Gottlob Frege wrote:

> So converting a Circle to a Triangle might result in a Rectangle, because
> Rectangle is the fallback?

If an exception is thrown, yes. That's how the basic guarantee works.
"Converting" from a vector with 5 elements to a vector with three elements
may result in a vector with zero elements on failure, and "converting" from
a Circle to a Circle may result in a Circle that is neither of those two.

I argued that variant's assignment should provide the strong guarantee, as
the usual idiom of copy+swap that is used for other types doesn't work for
variant, but was persuaded that it in fact does, in the final wording. I
have to verify whether this holds in my implementation, and under what
conditions.

> I'd rather have double buffering or valueless_by_exception. ie
> correctness or acknowledgement of error. Not silent incorrectness.

It's your prerogative to be wrong. :-)

> Why not add "throw E if derived from std::exception" as part of that
> fallback? It is probably what users want.(?)

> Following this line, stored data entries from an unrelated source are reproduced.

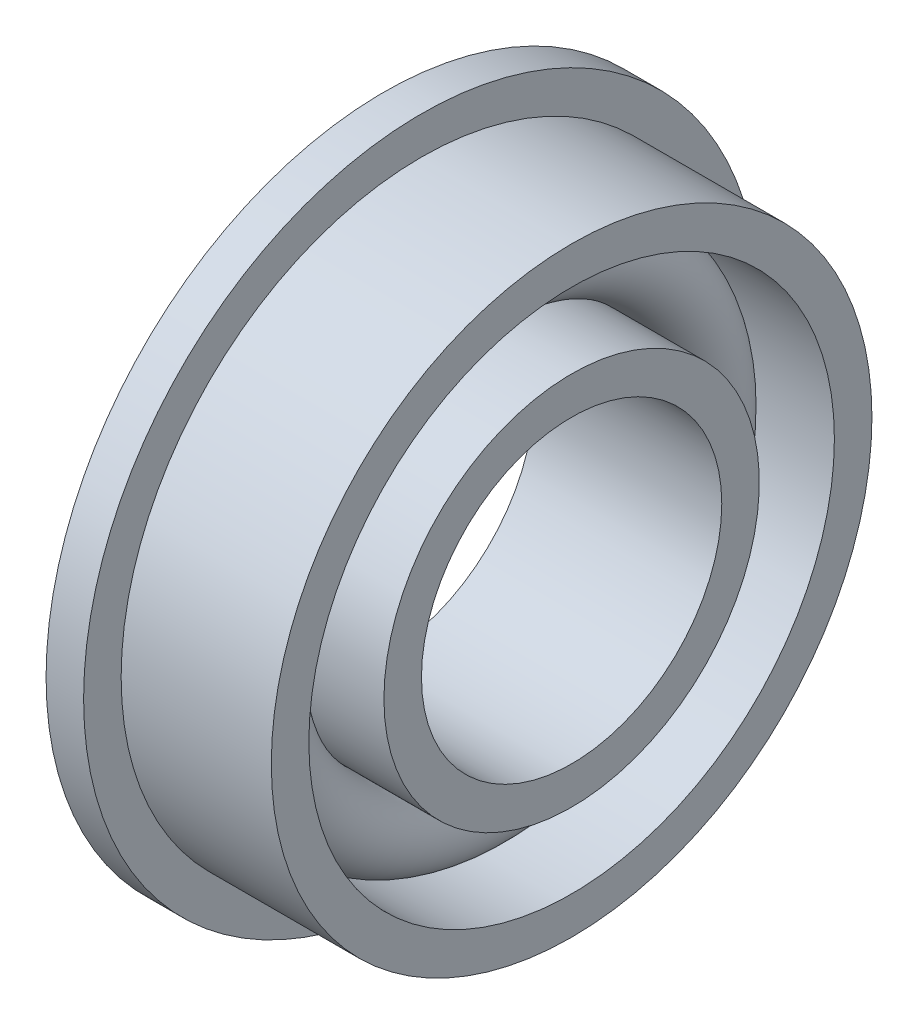
SolidWorks part; units mm, degrees
ref_plane "Front Plane" through (0, 0, 0) normal (0, 0, 1) x (1, 0, 0)
ref_plane "Top Plane" through (0, 0, 0) normal (0, 1, 0) x (1, 0, 0)
ref_plane "Right Plane" through (0, 0, 0) normal (1, 0, 0) x (0, 0, -1)
sketch "Sketch1" plane through (0, 0, 0) normal (0, 0, 1) x (1, 0, 0)
  line L0 (0, 0) -> (5, 0) construction
  line L1 (0, 4) -> (5, 4)
  line L2 (5, 4) -> (5, 5)
  line L3 (5, 5) -> (0, 5)
  line L4 (0, 5) -> (0, 4)
  line L5 (5, 7) -> (0, 7)
  line L6 (0, 7) -> (0, 9)
  line L7 (0, 9) -> (1, 9)
  line L8 (1, 9) -> (1, 8)
  line L9 (1, 8) -> (5, 8)
  line L10 (5, 8) -> (5, 7)
  line L11 (2.5, 0) -> (2.5, 8) construction
  line L12 (5, 4) -> (5, 0) construction
  circle A0 centre (2.5, 6) radius 1
  dimension "D1" = 16
  dimension "D2" = 18
  dimension "D3" = 8
  dimension "D4" = 5
  dimension "D5" = 1
  dimension "D6" = 1
  dimension "D7" = 1
revolve "Revolve1" add sketch "Sketch1" angle 360 about L0

This would imply that expected<> would be used to return types derived from
std::exception, and I don't see this as common. Although with that said,
yes, it would be easy to add that as part of the default behavior if there's
demand for it.

It would open the door to the subsequent question of whether it ought to be
possible to override the behavior for a whole hierarchy rooted in a user
class in a similar manner, though, which would imply that the default would
need to be made a worse match in some way. There are pros and cons for that.